Nowhere to hide. I must find somewhere . . . I dart a glance over my shoulder. The beast still pads slowly up the street. I run across the porch, down the steps, and heave myself over the side of the bed of the pickup truck. I hunker down low with my head down, breath coming in ragged gasps, heart running a marathon. Perhaps the panther will pass by, continue down the street . . . Perhaps it will not find me.
All is quiet. I wait forever. Silence. I dare a quick glimpse over the side of the pickup bed. My heart trips and falls and skips a beat.
I had heard no sound. Yet the panther pads toward me across my grassy lawn, as silent and graceful as any of its smaller kin. In horrified fascination I watch its dark bulk make its slow, sinister way toward me, a deeper black beneath the tree shadows cast by the moon. Instead of leaping, the creature circles the truck. A long wooden plank forms a ramp from the ground up to the tailgate of the pickup’s bed. A path straight to me. The panther sets a fore-paw on the plank and begins its slow relentless ascent, fixing near-hypnotic eyes on me.
I seize the end of the ramp with frantic prying fingers, trying to flip it over. It doesn’t budge. The panther takes another step.
I scrabble desperately about in the dark in the back of the pickup. My hand touches an object. A hammer. I fling it with all my strength.
It strikes the beast between its gold street-lamp eyes.
I hold my breath. The panther pauses, shakes its head once, then comes on. Its teeth glitter under the moon. Its paws tread softly pad-pad-pad up the plank.
In a final surge of mind-numbing panic, I grab the next object my hand finds—a large heavy mallet—and fling that too. Then another—a length of pipe—and another and another, I know not what, flinging them in quick succession. I shut my eyes against the terror and only hope one of them will make it stop coming. Just make it stop coming toward me. I am out of things to throw. Dark despair seizes me, but no claws. I open my eyes.
The panther still stands on the plank. It does not move. Then it sways.
The shape of terror hits the ground with a thud. It lies still.
Relief tears a gasp from my lungs as I remember to breathe again. I collapse in the bed of the pickup truck.
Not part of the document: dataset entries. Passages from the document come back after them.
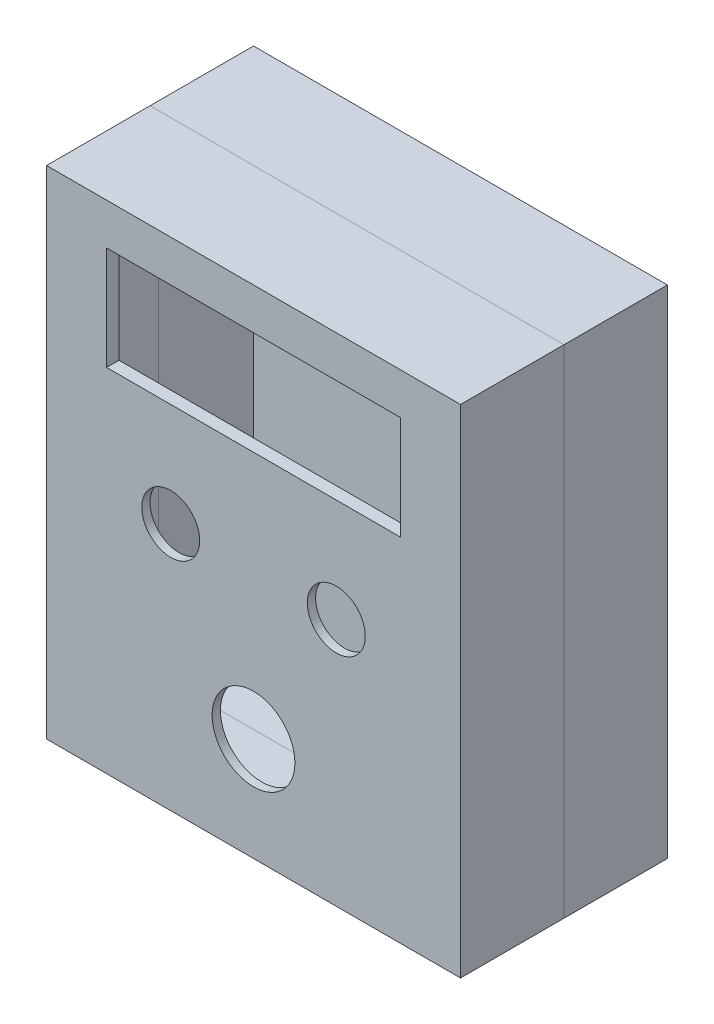
from build123d import *

# Parameters (mm, degrees)
SKETCH1_W            = 50
SKETCH1_H            = 120
BOSS_EXTRUDE1_DEPTH  = 100
SKETCH2_W            = 71
SKETCH2_H            = 25
CUT_EXTRUDE1_DEPTH   = 3
SHELL1_START         = -23
SHELL1_OUTLINE_W     = 96
SHELL1_OUTLINE_H     = 116
SHELL1_DEPTH         = 45
SHELL1_START_2       = 22
SHELL1_2_OUTLINE_W   = 96
SHELL1_2_OUTLINE_H   = 116
SHELL1_2_OUTLINE_W_2 = 75
SHELL1_2_OUTLINE_H_2 = 29
SHELL1_2_DEPTH       = 1
SKETCH3_W            = 80
SKETCH3_H            = 10
CUT_EXTRUDE2_DEPTH   = 3
SKETCH4_R            = 10
CUT_EXTRUDE3_DEPTH   = 3
SKETCH5_R            = 7
CUT_EXTRUDE4_DEPTH   = 3


# Read off the part's stored shape, not the designer's step: Shell1
with BuildPart() as part:
    # Sketch1 → Boss-Extrude1 (new body)
    with BuildSketch(Plane(origin=(0, 0, 0), x_dir=(0, 0, -1), z_dir=(1, 0, 0))):
        Rectangle(SKETCH1_W, SKETCH1_H)
    extrude(amount=BOSS_EXTRUDE1_DEPTH)

    # Sketch2 → Cut-Extrude1 (cut)
    with BuildSketch(Plane.XY.offset(25)):
        with Locations((50, 37.5)):
            Rectangle(SKETCH2_W, SKETCH2_H)
    extrude(amount=-CUT_EXTRUDE1_DEPTH, mode=Mode.SUBTRACT)

    # Shell1 outline → Shell1 (cut)
    with BuildSketch(Plane.XY.offset(SHELL1_START)):
        with Locations((50, 0)):
            Rectangle(SHELL1_OUTLINE_W, SHELL1_OUTLINE_H)
    extrude(amount=SHELL1_DEPTH, mode=Mode.SUBTRACT)

    # Shell1 2 outline → Shell1 2 (cut)
    with BuildSketch(Plane.XY.offset(SHELL1_START_2)):
        with Locations((50, 0)):
            Rectangle(SHELL1_2_OUTLINE_W, SHELL1_2_OUTLINE_H)
        with Locations((50, 37.5)):
            Rectangle(SHELL1_2_OUTLINE_W_2, SHELL1_2_OUTLINE_H_2, mode=Mode.SUBTRACT)
    extrude(amount=SHELL1_2_DEPTH, mode=Mode.SUBTRACT)

    # Sketch3 → Cut-Extrude2 (cut)
    with BuildSketch(Plane.XZ.offset(60)):
        with Locations((50, -16)):
            Rectangle(SKETCH3_W, SKETCH3_H)
    extrude(amount=-CUT_EXTRUDE2_DEPTH, mode=Mode.SUBTRACT)

    # Sketch4 → Cut-Extrude3 (cut)
    with BuildSketch(Plane.XY.offset(25)):
        with Locations((50, -35)):
            Circle(SKETCH4_R)
    extrude(amount=-CUT_EXTRUDE3_DEPTH, mode=Mode.SUBTRACT)

    # Sketch5 → Cut-Extrude4 (cut)
    with BuildSketch(Plane.XY.offset(25)):
        with Locations((30, 0)):
            Circle(SKETCH5_R)
        with Locations(Location((70, 0, 0), (0, 0, 180))):
            Circle(SKETCH5_R)
    extrude(amount=-CUT_EXTRUDE4_DEPTH, mode=Mode.SUBTRACT)


with BuildPart() as body_2:
    # Split1: the piece on the far side of the plane
    add(part.part)
    split(bisect_by=Plane.XY, keep=Keep.BOTTOM)


with BuildPart() as part_1:
    add(part.part)

    # Split1
    split(bisect_by=Plane.XY, keep=Keep.TOP)


solid = Compound([body_2.part, part_1.part])
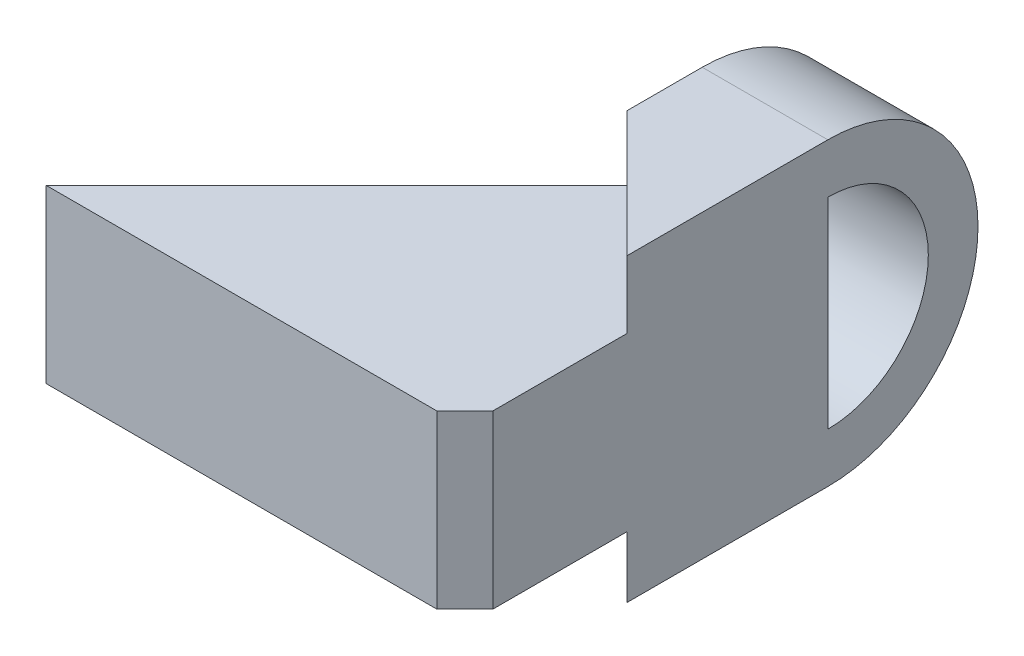
from build123d import *

# Parameters (mm, degrees)
SZKIC1_R                         = 11.955497861
SZKIC1_R_2                       = 8
DODANIE_WYCI_GNI_CIE1_DEPTH      = 10
SZKIC2_W                         = 10
SZKIC2_H                         = 23.910995722
DODANIE_WYCI_GNI_CIE2_DEPTH      = 21
SFAZOWANIE1_SIZE                 = 15
SZKIC4_W                         = 9.112824073
SZKIC4_H                         = 13.669236109
DODANIE_WYCI_GNI_CIE4_DEPTH      = 33
DODANIE_WYCI_GNI_CIE5_DEPTH      = 10
DODANIE_WYCI_GNI_CIE5_DEPTH_BACK = 12
SZKIC5_W                         = 41.411530905
SZKIC5_H                         = 13.669236109
SZKIC6_W                         = 16.08298615
SZKIC6_H                         = 27.20632334
WYTNIJ_WYCI_GNI_CIE1_DEPTH       = 54.798638821
WYTNIJ_WYCI_GNI_CIE2_DEPTH       = 54.798638821


with BuildPart() as part:
    # Szkic1 → Dodanie-wyciągnięcie1 (new body)
    with BuildSketch(Plane(origin=(0, 0, 0), x_dir=(0, 0, -1), z_dir=(1, 0, 0))):
        Circle(SZKIC1_R)
        Circle(SZKIC1_R_2, mode=Mode.SUBTRACT)
    extrude(amount=DODANIE_WYCI_GNI_CIE1_DEPTH)

    # Szkic2 → Dodanie-wyciągnięcie2 (add)
    with BuildSketch(Plane.XY):
        with Locations((5, 0)):
            Rectangle(SZKIC2_W, SZKIC2_H)
    extrude(amount=DODANIE_WYCI_GNI_CIE2_DEPTH)

    # Sfazowanie1
    # the kernel refuses this chamfer: 15 mm, written as the material it takes off along each edge
    with BuildSketch(Plane(origin=(0, -50.53074268, 21), x_dir=(0.9996219169112968, 0, 0.02749587661058632), z_dir=(0, 1, 0))) as sfazowanie1_piece_1:
        Polygon((SFAZOWANIE1_SIZE * 0.999621916911, SFAZOWANIE1_SIZE * 0.0274958766106), (-SFAZOWANIE1_SIZE * 0.0274958766106, SFAZOWANIE1_SIZE * 0.999621916911), (0, 0), align=None)
    extrude(amount=101.06148536, mode=Mode.SUBTRACT)

    # Szkic4 → Dodanie-wyciągnięcie4 (add)
    with BuildSketch(Plane(origin=(-3, 0, 3), x_dir=(0.7071067811865513, 0, 0.7071067811865438), z_dir=(-0.7071067811865438, 0, 0.7071067811865513))):
        with Locations((11.369948619, -0.23897266)):
            Rectangle(SZKIC4_W, SZKIC4_H)
    extrude(amount=DODANIE_WYCI_GNI_CIE4_DEPTH)

    # Szkic5 → Dodanie-wyciągnięcie5 (add, two sides: drawn at the far end of the back side and taken through both)
    with BuildSketch(Plane(origin=(11.261637619, 0, 11.261637619), x_dir=(0.7071067811865438, 0, -0.7071067811865512), z_dir=(0.7071067811865512, 0, 0.7071067811865438)).offset(-DODANIE_WYCI_GNI_CIE5_DEPTH_BACK)):
        with Locations((-16.536875235, -0.23897266)):
            Rectangle(SZKIC5_W, SZKIC5_H)
    extrude(amount=DODANIE_WYCI_GNI_CIE5_DEPTH + DODANIE_WYCI_GNI_CIE5_DEPTH_BACK)

    # Szkic6 → Wytnij-wyciągnięcie1 (cut, through all)
    with BuildSketch(Plane(origin=(0, 6.595645395, 0), x_dir=(1, 0, 0), z_dir=(0, 1, 0))):
        with Locations((18.041493075, -17.707460584)):
            Rectangle(SZKIC6_W, SZKIC6_H)
    extrude(amount=-WYTNIJ_WYCI_GNI_CIE1_DEPTH, mode=Mode.SUBTRACT)

    # Szkic7 → Wytnij-wyciągnięcie2 (cut, through all)
    with BuildSketch(Plane(origin=(0, 6.595645395, 0), x_dir=(1, 0, 0), z_dir=(0, 1, 0))):
        Polygon((-23.770482817, -28.898564741), (9.416159533, -28.898564741), (9.416159533, -47.919361128), (-20.148773981, -47.919361128), align=None)
    extrude(amount=-WYTNIJ_WYCI_GNI_CIE2_DEPTH, mode=Mode.SUBTRACT)


solid = part.part

Time follows in a blur. They come at last to find the beast, and find it dead. I climb shakily down into my lawn. People surround me, despite the midnight hour, praising me and my non-existent bravery for the death of the terror. Voices roll around me, talking of taking me to dinner, of celebration. I don’t listen to them. I can only stand beneath the trees, swaying like their branches, staring down at the panther. It lies on the grass, a sleek pile of black fur, motionless. Dead. But without losing its menace.
Unthinking dread still fills me, and I can’t look away, despite knowing that it’s dead from the heavy metal things I had thrown at it. I wish I’d thrown heavier ones.
I keep staring, half expecting the panther to move.